• Action item: Using the records below, give again exactly the lines from the line that contains "import ezdxf" through the line that contains "-2.5, 0, -2.5])", both ends included, and only those.

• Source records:
============
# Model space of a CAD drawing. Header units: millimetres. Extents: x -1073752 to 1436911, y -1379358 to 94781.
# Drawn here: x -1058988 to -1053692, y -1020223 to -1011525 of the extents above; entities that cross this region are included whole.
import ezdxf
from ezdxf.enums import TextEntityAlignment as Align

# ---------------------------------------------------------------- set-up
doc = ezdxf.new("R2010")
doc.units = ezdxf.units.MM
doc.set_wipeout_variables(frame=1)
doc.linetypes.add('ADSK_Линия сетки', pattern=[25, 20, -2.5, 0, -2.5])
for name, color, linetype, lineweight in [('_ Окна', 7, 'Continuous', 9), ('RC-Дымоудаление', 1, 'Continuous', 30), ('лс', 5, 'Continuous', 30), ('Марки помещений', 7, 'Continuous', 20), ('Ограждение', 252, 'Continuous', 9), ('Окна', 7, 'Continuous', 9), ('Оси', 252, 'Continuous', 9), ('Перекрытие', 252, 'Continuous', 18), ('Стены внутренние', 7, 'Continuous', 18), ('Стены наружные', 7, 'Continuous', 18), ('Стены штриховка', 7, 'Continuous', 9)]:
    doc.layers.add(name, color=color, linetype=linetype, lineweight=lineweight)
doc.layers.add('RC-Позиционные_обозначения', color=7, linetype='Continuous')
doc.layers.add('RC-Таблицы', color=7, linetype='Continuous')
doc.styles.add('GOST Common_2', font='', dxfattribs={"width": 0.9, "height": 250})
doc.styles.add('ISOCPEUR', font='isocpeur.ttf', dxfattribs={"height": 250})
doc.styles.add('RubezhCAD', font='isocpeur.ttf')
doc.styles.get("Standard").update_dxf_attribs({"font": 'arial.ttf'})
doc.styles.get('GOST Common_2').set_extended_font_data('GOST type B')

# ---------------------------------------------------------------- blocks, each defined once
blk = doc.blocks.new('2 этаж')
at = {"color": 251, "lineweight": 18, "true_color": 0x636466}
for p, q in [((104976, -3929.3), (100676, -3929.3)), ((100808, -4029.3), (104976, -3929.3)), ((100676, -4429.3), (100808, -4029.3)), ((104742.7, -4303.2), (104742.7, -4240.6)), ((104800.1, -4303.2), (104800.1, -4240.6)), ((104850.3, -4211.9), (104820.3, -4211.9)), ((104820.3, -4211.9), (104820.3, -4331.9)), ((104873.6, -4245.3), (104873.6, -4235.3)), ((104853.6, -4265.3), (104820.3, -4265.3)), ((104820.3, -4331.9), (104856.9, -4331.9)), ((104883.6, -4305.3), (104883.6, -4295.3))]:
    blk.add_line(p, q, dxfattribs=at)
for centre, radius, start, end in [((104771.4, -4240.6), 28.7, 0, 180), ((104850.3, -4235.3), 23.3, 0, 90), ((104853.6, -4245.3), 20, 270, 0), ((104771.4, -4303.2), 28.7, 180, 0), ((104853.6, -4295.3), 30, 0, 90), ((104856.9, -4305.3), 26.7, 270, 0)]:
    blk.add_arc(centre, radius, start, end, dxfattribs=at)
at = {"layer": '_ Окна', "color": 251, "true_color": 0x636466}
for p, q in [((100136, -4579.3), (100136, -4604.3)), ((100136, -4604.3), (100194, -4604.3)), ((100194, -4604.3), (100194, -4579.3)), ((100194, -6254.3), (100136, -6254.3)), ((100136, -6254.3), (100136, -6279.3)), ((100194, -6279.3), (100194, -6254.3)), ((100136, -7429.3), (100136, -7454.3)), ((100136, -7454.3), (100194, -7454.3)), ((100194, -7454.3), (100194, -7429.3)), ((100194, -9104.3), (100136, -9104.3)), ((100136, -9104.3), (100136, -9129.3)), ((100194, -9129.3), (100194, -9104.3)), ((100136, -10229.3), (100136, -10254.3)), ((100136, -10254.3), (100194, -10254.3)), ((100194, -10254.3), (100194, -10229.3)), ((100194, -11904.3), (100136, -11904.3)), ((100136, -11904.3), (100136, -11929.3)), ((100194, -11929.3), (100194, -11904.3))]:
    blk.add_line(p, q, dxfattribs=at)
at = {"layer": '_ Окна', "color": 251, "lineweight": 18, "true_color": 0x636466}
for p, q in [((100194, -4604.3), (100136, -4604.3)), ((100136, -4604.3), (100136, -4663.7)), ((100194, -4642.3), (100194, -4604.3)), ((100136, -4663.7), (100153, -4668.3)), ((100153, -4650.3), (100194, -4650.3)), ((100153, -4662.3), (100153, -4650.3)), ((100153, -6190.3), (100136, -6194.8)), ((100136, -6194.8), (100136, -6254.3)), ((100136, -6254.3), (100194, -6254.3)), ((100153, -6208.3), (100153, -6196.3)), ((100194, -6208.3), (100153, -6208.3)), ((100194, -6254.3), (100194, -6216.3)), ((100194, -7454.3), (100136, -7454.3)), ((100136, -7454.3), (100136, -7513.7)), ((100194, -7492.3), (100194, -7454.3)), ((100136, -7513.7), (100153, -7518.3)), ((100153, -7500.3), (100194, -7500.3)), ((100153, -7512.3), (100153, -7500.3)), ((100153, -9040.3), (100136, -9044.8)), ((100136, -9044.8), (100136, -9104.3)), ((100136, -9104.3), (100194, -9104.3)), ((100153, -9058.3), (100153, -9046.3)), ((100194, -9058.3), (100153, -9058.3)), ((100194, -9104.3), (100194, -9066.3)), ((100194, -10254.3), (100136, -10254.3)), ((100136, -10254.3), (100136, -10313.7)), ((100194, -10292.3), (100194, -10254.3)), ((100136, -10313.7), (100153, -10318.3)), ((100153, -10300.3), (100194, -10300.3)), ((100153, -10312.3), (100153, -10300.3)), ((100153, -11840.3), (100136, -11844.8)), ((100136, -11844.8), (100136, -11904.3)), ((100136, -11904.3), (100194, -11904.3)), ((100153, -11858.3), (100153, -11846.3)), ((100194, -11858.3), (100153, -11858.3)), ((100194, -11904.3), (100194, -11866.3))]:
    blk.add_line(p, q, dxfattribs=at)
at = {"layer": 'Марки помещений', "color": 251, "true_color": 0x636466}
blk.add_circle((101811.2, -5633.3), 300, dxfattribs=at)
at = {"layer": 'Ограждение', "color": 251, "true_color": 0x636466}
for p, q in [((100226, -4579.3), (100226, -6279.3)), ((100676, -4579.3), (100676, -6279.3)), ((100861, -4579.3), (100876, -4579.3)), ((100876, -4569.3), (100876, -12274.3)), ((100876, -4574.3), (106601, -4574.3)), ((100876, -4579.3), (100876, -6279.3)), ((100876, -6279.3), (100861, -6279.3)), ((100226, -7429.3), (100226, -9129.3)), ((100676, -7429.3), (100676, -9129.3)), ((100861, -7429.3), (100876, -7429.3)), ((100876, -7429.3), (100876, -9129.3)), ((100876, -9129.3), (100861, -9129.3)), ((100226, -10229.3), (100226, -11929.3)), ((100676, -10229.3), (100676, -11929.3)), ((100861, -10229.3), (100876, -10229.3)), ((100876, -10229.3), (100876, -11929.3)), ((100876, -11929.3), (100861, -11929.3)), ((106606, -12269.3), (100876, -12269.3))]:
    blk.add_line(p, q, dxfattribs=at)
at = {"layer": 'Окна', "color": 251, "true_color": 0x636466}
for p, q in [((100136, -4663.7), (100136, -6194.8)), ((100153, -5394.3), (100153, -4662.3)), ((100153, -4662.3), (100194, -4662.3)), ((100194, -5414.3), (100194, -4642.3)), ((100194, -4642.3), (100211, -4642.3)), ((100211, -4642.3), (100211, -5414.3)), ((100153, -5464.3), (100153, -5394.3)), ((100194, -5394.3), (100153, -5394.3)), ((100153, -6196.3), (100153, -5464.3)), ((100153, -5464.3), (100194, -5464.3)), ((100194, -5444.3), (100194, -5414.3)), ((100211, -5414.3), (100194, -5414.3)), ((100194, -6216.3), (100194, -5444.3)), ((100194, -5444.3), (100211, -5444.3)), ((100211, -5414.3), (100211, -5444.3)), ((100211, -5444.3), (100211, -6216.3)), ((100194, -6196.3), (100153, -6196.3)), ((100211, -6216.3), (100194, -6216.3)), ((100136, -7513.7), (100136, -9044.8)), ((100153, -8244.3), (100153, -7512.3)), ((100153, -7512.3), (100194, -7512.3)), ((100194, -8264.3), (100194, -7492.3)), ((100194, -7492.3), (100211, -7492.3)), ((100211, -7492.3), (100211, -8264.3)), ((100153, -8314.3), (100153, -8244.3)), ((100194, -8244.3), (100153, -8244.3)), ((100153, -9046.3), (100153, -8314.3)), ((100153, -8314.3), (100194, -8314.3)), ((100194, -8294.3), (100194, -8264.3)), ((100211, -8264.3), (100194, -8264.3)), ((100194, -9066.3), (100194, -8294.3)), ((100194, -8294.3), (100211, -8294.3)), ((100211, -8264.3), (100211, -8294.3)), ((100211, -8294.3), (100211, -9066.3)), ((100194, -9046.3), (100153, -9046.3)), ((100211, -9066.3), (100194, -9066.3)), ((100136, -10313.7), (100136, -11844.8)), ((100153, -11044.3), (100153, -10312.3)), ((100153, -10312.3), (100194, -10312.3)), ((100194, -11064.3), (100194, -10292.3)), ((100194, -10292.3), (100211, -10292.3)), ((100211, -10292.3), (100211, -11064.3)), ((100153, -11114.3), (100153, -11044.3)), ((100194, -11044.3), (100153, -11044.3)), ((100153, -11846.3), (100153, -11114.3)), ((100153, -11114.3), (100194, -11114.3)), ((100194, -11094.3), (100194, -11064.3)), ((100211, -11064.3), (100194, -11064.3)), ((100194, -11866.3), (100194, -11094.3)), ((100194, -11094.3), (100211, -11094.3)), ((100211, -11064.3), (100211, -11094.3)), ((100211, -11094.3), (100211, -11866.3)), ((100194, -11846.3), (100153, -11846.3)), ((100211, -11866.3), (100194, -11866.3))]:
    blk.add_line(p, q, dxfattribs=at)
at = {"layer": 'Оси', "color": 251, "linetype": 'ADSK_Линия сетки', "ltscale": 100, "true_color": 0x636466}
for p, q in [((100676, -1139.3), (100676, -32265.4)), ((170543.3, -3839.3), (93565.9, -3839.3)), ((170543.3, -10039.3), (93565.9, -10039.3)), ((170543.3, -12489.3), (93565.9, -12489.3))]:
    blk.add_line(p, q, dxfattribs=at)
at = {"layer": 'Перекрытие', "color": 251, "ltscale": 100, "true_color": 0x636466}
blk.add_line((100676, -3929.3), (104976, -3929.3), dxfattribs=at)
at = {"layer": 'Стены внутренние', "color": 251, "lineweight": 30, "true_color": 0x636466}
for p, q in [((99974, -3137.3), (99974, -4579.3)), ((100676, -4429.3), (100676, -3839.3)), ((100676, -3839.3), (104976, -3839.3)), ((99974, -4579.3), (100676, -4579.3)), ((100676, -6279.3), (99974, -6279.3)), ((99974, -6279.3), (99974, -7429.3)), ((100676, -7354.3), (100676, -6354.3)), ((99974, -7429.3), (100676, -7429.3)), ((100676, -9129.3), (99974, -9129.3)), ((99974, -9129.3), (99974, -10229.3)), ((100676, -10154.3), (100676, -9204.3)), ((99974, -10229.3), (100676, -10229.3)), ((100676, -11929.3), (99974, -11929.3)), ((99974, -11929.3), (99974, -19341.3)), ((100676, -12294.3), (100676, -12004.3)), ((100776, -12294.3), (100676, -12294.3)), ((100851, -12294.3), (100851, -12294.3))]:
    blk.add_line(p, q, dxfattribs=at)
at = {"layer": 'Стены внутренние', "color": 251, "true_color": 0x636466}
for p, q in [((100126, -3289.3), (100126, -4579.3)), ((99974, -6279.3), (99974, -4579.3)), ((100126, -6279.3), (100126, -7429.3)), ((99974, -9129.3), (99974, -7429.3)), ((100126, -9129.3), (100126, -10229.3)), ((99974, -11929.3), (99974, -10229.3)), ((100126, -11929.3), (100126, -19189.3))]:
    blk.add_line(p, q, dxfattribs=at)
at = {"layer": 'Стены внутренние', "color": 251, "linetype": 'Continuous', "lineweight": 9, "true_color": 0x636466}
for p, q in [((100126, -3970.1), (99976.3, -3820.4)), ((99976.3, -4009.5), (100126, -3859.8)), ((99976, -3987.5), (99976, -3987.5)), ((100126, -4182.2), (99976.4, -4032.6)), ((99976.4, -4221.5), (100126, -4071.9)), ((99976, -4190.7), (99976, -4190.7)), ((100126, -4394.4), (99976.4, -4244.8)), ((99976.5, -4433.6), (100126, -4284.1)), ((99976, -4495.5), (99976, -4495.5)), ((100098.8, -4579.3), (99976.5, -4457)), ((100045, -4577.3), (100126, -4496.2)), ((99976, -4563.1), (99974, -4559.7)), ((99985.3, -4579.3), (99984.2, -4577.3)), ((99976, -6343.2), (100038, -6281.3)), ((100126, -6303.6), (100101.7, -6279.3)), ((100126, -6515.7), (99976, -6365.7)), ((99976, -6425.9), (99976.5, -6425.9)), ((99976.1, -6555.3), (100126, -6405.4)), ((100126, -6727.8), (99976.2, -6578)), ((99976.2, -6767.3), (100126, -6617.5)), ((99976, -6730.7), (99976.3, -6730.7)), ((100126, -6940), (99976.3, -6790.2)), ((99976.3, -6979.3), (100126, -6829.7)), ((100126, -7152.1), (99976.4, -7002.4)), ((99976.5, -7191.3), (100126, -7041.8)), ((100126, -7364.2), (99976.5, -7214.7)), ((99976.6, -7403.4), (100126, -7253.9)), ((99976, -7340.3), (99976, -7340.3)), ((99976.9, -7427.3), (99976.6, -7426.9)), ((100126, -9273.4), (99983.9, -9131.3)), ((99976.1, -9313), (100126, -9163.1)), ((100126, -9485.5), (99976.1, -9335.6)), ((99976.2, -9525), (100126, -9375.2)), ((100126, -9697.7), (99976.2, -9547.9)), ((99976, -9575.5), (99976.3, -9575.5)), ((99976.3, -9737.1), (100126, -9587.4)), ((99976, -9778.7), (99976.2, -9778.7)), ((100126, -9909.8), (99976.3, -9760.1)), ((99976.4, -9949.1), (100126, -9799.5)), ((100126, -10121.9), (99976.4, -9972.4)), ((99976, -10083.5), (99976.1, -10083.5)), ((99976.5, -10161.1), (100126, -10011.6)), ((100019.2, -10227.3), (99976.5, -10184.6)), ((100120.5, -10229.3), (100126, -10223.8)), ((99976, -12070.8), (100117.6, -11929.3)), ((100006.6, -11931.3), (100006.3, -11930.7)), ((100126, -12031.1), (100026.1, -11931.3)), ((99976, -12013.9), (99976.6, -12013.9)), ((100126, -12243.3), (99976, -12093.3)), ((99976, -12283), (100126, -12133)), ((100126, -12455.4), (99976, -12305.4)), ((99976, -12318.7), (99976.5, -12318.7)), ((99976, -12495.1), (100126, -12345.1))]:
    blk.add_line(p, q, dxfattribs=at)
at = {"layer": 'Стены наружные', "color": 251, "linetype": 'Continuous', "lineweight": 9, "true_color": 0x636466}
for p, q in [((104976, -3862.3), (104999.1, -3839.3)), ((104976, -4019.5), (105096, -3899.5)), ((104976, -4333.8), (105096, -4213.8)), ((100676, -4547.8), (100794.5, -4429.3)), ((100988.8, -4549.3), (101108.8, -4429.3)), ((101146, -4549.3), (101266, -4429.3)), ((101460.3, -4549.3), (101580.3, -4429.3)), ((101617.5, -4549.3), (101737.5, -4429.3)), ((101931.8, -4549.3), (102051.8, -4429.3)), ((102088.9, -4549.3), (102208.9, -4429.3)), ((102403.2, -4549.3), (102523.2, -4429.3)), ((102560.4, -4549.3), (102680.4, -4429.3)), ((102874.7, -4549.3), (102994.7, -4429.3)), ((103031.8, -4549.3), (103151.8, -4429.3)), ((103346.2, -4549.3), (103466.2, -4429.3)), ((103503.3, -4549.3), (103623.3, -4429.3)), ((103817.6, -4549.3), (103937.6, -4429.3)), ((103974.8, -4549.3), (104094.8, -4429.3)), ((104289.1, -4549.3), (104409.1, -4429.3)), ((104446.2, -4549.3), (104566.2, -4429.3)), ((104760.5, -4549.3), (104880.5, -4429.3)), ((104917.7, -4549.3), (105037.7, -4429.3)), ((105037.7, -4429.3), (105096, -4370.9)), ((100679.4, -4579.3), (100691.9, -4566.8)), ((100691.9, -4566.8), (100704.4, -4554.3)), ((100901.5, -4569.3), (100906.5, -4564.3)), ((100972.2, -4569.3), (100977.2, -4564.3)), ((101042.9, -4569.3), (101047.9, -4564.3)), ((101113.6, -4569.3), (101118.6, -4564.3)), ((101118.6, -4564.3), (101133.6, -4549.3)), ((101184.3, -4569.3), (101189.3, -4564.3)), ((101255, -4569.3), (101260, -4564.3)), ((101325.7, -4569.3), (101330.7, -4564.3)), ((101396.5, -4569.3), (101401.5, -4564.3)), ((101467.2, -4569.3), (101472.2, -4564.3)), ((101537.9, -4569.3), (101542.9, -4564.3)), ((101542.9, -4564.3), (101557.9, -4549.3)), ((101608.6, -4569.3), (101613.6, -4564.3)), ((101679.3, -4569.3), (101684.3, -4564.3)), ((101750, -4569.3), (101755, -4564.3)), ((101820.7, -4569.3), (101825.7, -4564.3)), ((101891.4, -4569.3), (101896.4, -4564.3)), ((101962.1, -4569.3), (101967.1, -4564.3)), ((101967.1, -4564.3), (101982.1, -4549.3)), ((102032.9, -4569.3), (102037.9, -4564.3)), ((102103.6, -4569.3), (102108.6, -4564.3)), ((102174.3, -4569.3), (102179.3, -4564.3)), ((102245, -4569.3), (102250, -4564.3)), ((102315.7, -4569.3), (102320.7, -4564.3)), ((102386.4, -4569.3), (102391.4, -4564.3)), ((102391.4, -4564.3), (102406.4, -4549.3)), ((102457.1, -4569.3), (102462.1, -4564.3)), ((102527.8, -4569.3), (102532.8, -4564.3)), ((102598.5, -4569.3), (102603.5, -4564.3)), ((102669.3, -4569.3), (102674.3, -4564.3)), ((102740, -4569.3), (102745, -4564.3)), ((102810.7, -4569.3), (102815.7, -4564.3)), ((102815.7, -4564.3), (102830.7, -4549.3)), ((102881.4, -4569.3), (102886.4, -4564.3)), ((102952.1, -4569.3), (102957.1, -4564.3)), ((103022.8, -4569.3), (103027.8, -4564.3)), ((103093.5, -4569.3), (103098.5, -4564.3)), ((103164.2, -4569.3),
============
• Expected output:
import ezdxf
from ezdxf.enums import TextEntityAlignment as Align

# ---------------------------------------------------------------- set-up
doc = ezdxf.new("R2010")
doc.units = ezdxf.units.MM
doc.set_wipeout_variables(frame=1)
doc.linetypes.add('ADSK_Линия сетки', pattern=[25, 20, -2.5, 0, -2.5])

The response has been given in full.